Agree with the logic in keeping this ticket open. It's how I found it before otherwise creating a new ticket.

I have switched to Unixfox's instance as first preference (though oddly, language has to be set to English UK rather than US for search results to find anything -- seen that on other instances too).

@deepend-tildeclub
Copy link

Not speaking from experience because I have none. But is there a way to proxy the Google captcha and show it to the client to respond. Or is that impossible?

Don't think making Searx look more like a real browser would solve anything because it's the amount of requests from one ip that causes Google to ask for captcha. But maybe having more ips and have searx spread the requests over multiple ips as well as blocking bot requests could lessen the issue a bit.

@unixfox
Copy link
Member

unixfox commented Jan 11, 2021

Not speaking from experience because I have none. But is there a way to proxy the Google captcha and show it to the client to respond. Or is that impossible?

This has been brought up many times and no it's impossible because a recaptcha can only be loaded from the same domain, in this case www.google.com

I have switched to Unixfox's instance as first preference (though oddly, language has to be set to English UK rather than US for search results to find anything -- seen that on other instances too).

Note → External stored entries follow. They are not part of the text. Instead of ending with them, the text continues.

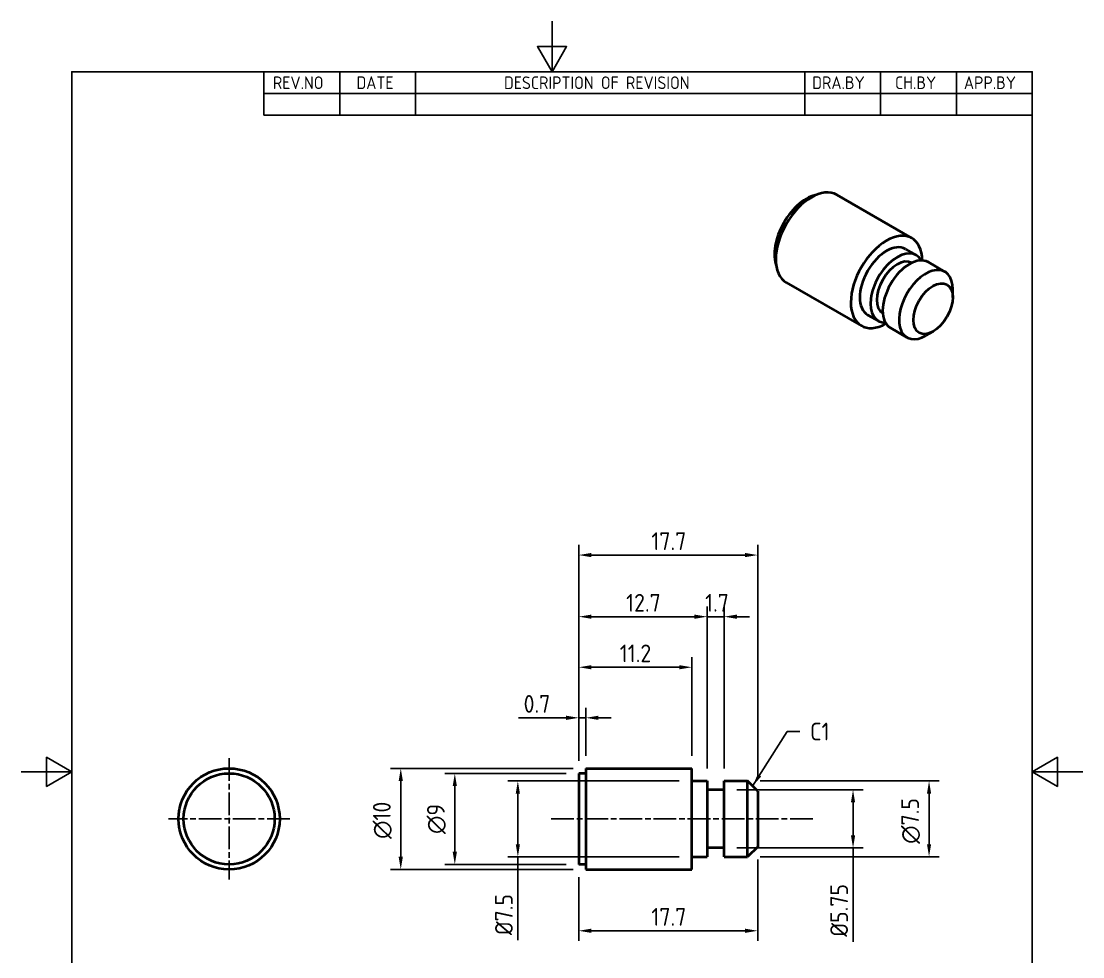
# Model space of a CAD drawing. Header units: millimetres. Extents: x 0 to 105, y 0 to 149.
# Drawn here: x 0 to 105, y 56 to 148.5 of the extents above; entities that cross this region are included whole.
import ezdxf

# ---------------------------------------------------------------- set-up
doc = ezdxf.new("R2010")
doc.units = ezdxf.units.MM
doc.header["$LTSCALE"] = 0.5
doc.linetypes.add('CHAIN', pattern=[0.35429999999999995, 0.2362, -0.0295, 0.0591, -0.0295])
doc.layers.get('0').update_dxf_attribs({"color": 3, "lineweight": 25})
for name, color, linetype, lineweight in [('가시적인 것(ISO)', 3, 'Continuous', 40), ('경계(ISO)', 7, 'Continuous', 25), ('기호(ISO)', 5, 'Continuous', 25), ('중심 표식(ISO)', 1, 'Continuous', 25), ('중심선(ISO)', 1, 'Continuous', 25), ('치수(ISO)', 2, 'Continuous', 25)]:
    doc.layers.add(name, color=color, linetype=linetype, lineweight=lineweight)
doc.styles.add('ISO Proportiona M2B', font='isocp.shx')
doc.styles.add('치수 텍스트_PSTEK_POSCO', font='isocp.shx')
doc.dimstyles.new('치수_PSTEK_POSCO', dxfattribs={"dimscale": 0.5, "dimtxt": 3.5, "dimasz": 2.5, "dimexe": 2, "dimexo": 2.5, "dimgap": 1, "dimtad": 1, "dimrnd": 1e-08, "dimdsep": 46, "dimtxsty": '치수 텍스트_PSTEK_POSCO', "dimcen": 0.09, "dimdle": 10, "dimclrd": 7, "dimclre": 7, "dimclrt": 2, "dimadec": 1, "dimazin": 2, "dimtfac": 1, "dimtmove": 0, "dimatfit": 3, "dimfxl": 0, "dimtolj": 1, "dimlwd": -1, "dimlwe": -1, "dimarcsym": 0})
doc.dimstyles.new('치수_PSTEK_POSCO$7', dxfattribs={"dimscale": 0.5, "dimtxt": 3.5, "dimasz": 2.5, "dimexe": 2, "dimexo": 2.5, "dimgap": 1, "dimtad": 1, "dimrnd": 1e-08, "dimdsep": 46, "dimtxsty": '치수 텍스트_PSTEK_POSCO', "dimcen": 0.09, "dimdle": 10, "dimclrd": 7, "dimclre": 7, "dimclrt": 2, "dimadec": 1, "dimazin": 2, "dimtfac": 1, "dimtmove": 0, "dimatfit": 3, "dimfxl": 0, "dimtolj": 1, "dimlwd": -1, "dimlwe": -1, "dimarcsym": 0})

# ---------------------------------------------------------------- blocks, each defined once
blk = doc.blocks.new('경계 Default Border')
at = {"layer": '경계(ISO)', "flags": 128}
for points in [[(105, 297.0000076293945), (105, 287.0000076293945), (102.1132469177246, 292.0000076293945), (107.8867530822754, 292.0000076293945), (105, 287.0000076293945)], [(10, 10), (10, 287.0000076293945), (200, 287.0000076293945), (200, 10), (10, 10)], [(0, 148.5000038146973), (10, 148.5000038146973), (5, 151.3867473602295), (5, 145.6132507324219), (10, 148.5000038146973)], [(210, 148.5000038146973), (200, 148.5000038146973), (205, 151.3867473602295), (205, 145.6132507324219), (200, 148.5000038146973)]]:
    blk.add_lwpolyline(points, dxfattribs=at)
blk = doc.blocks.new('리비전 내역')
at = {"layer": '기호(ISO)'}
for p, q in [((48.00000000000001, 287.0000076293945), (200, 287.0000076293945)), ((48.00000000000001, 287.0000076293945), (48.00000000000001, 282.7200076293945)), ((63.00000000000001, 287.0000076293945), (63.00000000000001, 282.7200076293945)), ((78, 287.0000076293945), (78, 282.7200076293945)), ((155, 287.0000076293945), (155, 282.7200076293945)), ((170, 287.0000076293945), (170, 282.7200076293945)), ((185, 287.0000076293945), (185, 282.7200076293945)), ((200, 287.0000076293945), (200, 282.7200076293945)), ((48.00000000000001, 282.7200076293945), (200, 282.7200076293945)), ((48.00000000000001, 282.7200076293945), (48.00000000000001, 278.4400076293945)), ((63.00000000000001, 282.7200076293945), (63.00000000000001, 278.4400076293945)), ((78, 282.7200076293945), (78, 278.4400076293945)), ((155, 282.7200076293945), (155, 278.4400076293945)), ((170, 282.7200076293945), (170, 278.4400076293945)), ((185, 282.7200076293945), (185, 278.4400076293945)), ((200, 282.7200076293945), (200, 278.4400076293945)), ((48.00000000000001, 278.4400076293945), (200, 278.4400076293945))]:
    blk.add_line(p, q, dxfattribs=at)
at = {"layer": '기호(ISO)', "color": 2, "char_height": 2.5, "attachment_point": 7, "style": 'ISO Proportiona M2B'}
for s, insert in [('REV.NO', (49.7871163682308, 283.5831900503393)), ('DATE', (66.31423177283666, 283.5831900503393)), ('DESCRIPTION OF REVISION', (95.50702043336295, 283.5831900503393)), ('DRA.BY', (156.4757339553203, 283.5831900503393)), ('CH.BY', (172.8642915086116, 283.5831900503393)), ('APP.BY', (186.4777339604403, 283.5831900503393))]:
    blk.add_mtext(s, dxfattribs=dict(at, insert=insert))
blk = doc.blocks.new('*D23')
at = {"layer": 'Defpoints', "color": 0, "transparency": 16777216}
for p in [(42.88555596969414, 74.10171294828528), (55.14409543846646, 74.10171294828528), (55.14409543846646, 65.10171294828528)]:
    blk.add_point(p, dxfattribs=at)
at = {"layer": '치수(ISO)', "color": 7, "transparency": 16777216}
for p, q in [((53.89409543846646, 74.10171294828528), (41.88555596969414, 74.10171294828528)), ((42.88555596969414, 66.35171294828528), (42.88555596969414, 72.85171294828528)), ((53.89409543846646, 65.10171294828528), (41.88555596969414, 65.10171294828528))]:
    blk.add_line(p, q, dxfattribs=at)
for points in [[(42.6772226363608, 72.85171294828528), (43.09388930302747, 72.85171294828528), (42.88555596969414, 74.10171294828528)], [(42.6772226363608, 66.35171294828528), (43.09388930302747, 66.35171294828528), (42.88555596969414, 65.10171294828528)]]:
    blk.add_solid(points, dxfattribs=at)
at = {"layer": '치수(ISO)', "color": 2, "transparency": 16777216, "insert": (41.06903169314059, 68.11192542207486), "char_height": 1.75, "attachment_point": 4, "rotation": 90, "style": '치수 텍스트_PSTEK_POSCO'}
blk.add_mtext('\\A1;\\fAIGDT|b0|i0;\\H1.7500;\\ln\\fisocp|b0|i0;\\H1.7500;9', dxfattribs=at)
blk = doc.blocks.new('*D24')
at = {"layer": 'Defpoints', "color": 0, "transparency": 16777216}
for p in [(71.84409543846645, 73.35171294828528), (71.84409543846645, 65.85171294828528), (89.79603595855616, 65.85171294828528)]:
    blk.add_point(p, dxfattribs=at)
at = {"layer": '치수(ISO)', "color": 7, "transparency": 16777216}
for p, q in [((73.09409543846645, 73.35171294828528), (90.79603595855616, 73.35171294828528)), ((89.79603595855616, 72.10171294828528), (89.79603595855616, 67.10171294828528)), ((73.09409543846645, 65.85171294828528), (90.79603595855616, 65.85171294828528))]:
    blk.add_line(p, q, dxfattribs=at)
for points in [[(89.58770262522283, 72.10171294828528), (90.00436929188949, 72.10171294828528), (89.79603595855616, 73.35171294828528)], [(89.58770262522283, 67.10171294828528), (90.00436929188949, 67.10171294828528), (89.79603595855616, 65.85171294828528)]]:
    blk.add_solid(points, dxfattribs=at)
at = {"layer": '치수(ISO)', "color": 2, "transparency": 16777216, "insert": (87.97951168200261, 67.13999627919752), "char_height": 1.75, "attachment_point": 4, "rotation": 90, "style": '치수 텍스트_PSTEK_POSCO'}
blk.add_mtext('\\A1;\\fAIGDT|b0|i0;\\H1.7500;\\ln\\fisocp|b0|i0;\\H1.7500;7.5', dxfattribs=at)
blk = doc.blocks.new('*D25')
at = {"layer": 'Defpoints', "color": 0, "transparency": 16777216}
for p in [(72.84409543846645, 66.85171294828528), (55.14409543846646, 65.10171294828528), (72.84409543846645, 58.53494298365651)]:
    blk.add_point(p, dxfattribs=at)
at = {"layer": '치수(ISO)', "color": 7, "transparency": 16777216}
for p, q in [((72.84409543846645, 65.60171294828528), (72.84409543846645, 57.53494298365651)), ((55.14409543846646, 63.85171294828528), (55.14409543846646, 57.53494298365651)), ((56.39409543846646, 58.53494298365651), (71.59409543846645, 58.53494298365651))]:
    blk.add_line(p, q, dxfattribs=at)
for points in [[(56.39409543846646, 58.74327631698984), (56.39409543846646, 58.32660965032317), (55.14409543846646, 58.53494298365651)], [(71.59409543846645, 58.74327631698984), (71.59409543846645, 58.32660965032317), (72.84409543846645, 58.53494298365651)]]:
    blk.add_solid(points, dxfattribs=at)
at = {"layer": '치수(ISO)', "color": 2, "transparency": 16777216, "insert": (62.33159543846645, 59.90994298365651), "char_height": 1.75, "attachment_point": 4, "style": '치수 텍스트_PSTEK_POSCO'}
blk.add_mtext('\\A1;17.7', dxfattribs=at)
blk = doc.blocks.new('*D26')
at = {"layer": 'Defpoints', "color": 0, "transparency": 16777216}
for p in [(66.34409543846645, 73.35171294828528), (49.12233049652556, 65.85171294828528), (66.34409543846645, 65.85171294828528)]:
    blk.add_point(p, dxfattribs=at)
at = {"layer": '치수(ISO)', "color": 7, "transparency": 16777216}
for p, q in [((65.09409543846645, 73.35171294828528), (48.12233049652556, 73.35171294828528)), ((49.12233049652556, 72.10171294828528), (49.12233049652556, 67.10171294828528)), ((65.09409543846645, 65.85171294828528), (48.12233049652556, 65.85171294828528)), ((49.12233049652556, 65.85171294828528), (49.12233049652556, 57.60037806381715))]:
    blk.add_line(p, q, dxfattribs=at)
for points in [[(48.91399716319222, 72.10171294828528), (49.33066382985889, 72.10171294828528), (49.12233049652556, 73.35171294828528)], [(48.91399716319222, 67.10171294828528), (49.33066382985889, 67.10171294828528), (49.12233049652556, 65.85171294828528)]]:
    blk.add_solid(points, dxfattribs=at)
at = {"layer": '치수(ISO)', "color": 2, "transparency": 16777216, "insert": (47.74733049652555, 58.10037806381716), "char_height": 1.75, "attachment_point": 4, "rotation": 90, "style": '치수 텍스트_PSTEK_POSCO'}
blk.add_mtext('\\A1;Ø7.5', dxfattribs=at)
blk = doc.blocks.new('*D27')
at = {"layer": 'Defpoints', "color": 0, "transparency": 16777216}
for p in [(55.84409543846646, 79.60171294828528), (55.84409543846646, 74.60171294828528), (55.14409543846646, 74.10171294828528)]:
    blk.add_point(p, dxfattribs=at)
at = {"layer": '치수(ISO)', "color": 7, "transparency": 16777216}
for p, q in [((55.14409543846646, 75.35171294828528), (55.14409543846646, 80.60171294828528)), ((55.84409543846646, 75.85171294828528), (55.84409543846646, 80.60171294828528)), ((53.89409543846646, 79.60171294828528), (49.19271748571055, 79.60171294828528)), ((55.84409543846646, 79.60171294828528), (55.14409543846646, 79.60171294828528)), ((57.09409543846646, 79.60171294828528), (58.34409543846646, 79.60171294828528))]:
    blk.add_line(p, q, dxfattribs=at)
for points in [[(53.89409543846646, 79.81004628161861), (53.89409543846646, 79.39337961495195), (55.14409543846646, 79.60171294828528)], [(57.09409543846646, 79.81004628161861), (57.09409543846646, 79.39337961495195), (55.84409543846646, 79.60171294828528)]]:
    blk.add_solid(points, dxfattribs=at)
at = {"layer": '치수(ISO)', "color": 2, "transparency": 16777216, "insert": (49.69271748571055, 80.97671294828528), "char_height": 1.75, "attachment_point": 4, "style": '치수 텍스트_PSTEK_POSCO'}
blk.add_mtext('\\A1;0.7', dxfattribs=at)
blk = doc.blocks.new('*D28')
at = {"layer": 'Defpoints', "color": 0, "transparency": 16777216}
for p in [(66.34409543846645, 84.60171294828528), (66.34409543846645, 74.60171294828528), (55.14409543846646, 74.10171294828528)]:
    blk.add_point(p, dxfattribs=at)
at = {"layer": '치수(ISO)', "color": 7, "transparency": 16777216}
for p, q in [((55.14409543846646, 75.35171294828528), (55.14409543846646, 85.60171294828528)), ((66.34409543846645, 75.85171294828528), (66.34409543846645, 85.60171294828528)), ((56.39409543846646, 84.60171294828528), (65.09409543846645, 84.60171294828528))]:
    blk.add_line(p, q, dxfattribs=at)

Please open an issue if you can replicate the bug on other instances and even in a local Searx.

@unixfox unixfox removed this from Existing engines to fix in Engines Jan 11, 2021
@mj162
Copy link

mj162 commented Jan 11, 2021

I've used this: text proxy for years. The gentleman moved to a different hosting provider and since then Google's baulked with its graphical Captcha request... Agreed, too many requests from one IP is a reasonable assumption but how many is too many and how far back in time are they going; the last 5 minutes or the last 5 years?

[will do]

@paradoxsupreme
Copy link

paradoxsupreme commented Feb 16, 2021

I am trying to self host a searx instance on a VPS with nginx. I have used these filtron rules.json. I have also set up morty. The instance is working correctly but when I try to use the google search engine it gives me google (too many requests) on the first request and then it gives Sorry! we didn't find any results.. Is there anything I can do to fix the google search egine?

@unixfox
Copy link
Member

unixfox commented Feb 16, 2021

I am trying to self host a searx instance on a VPS with nginx. I have used these filtron rules.json. I have also set up morty. The instance is working correctly but when I try to use the google search engine it gives me google (too many requests) on the first request and then it gives Sorry! we didn't find any results.. Is there anything I can do to fix the google search egine?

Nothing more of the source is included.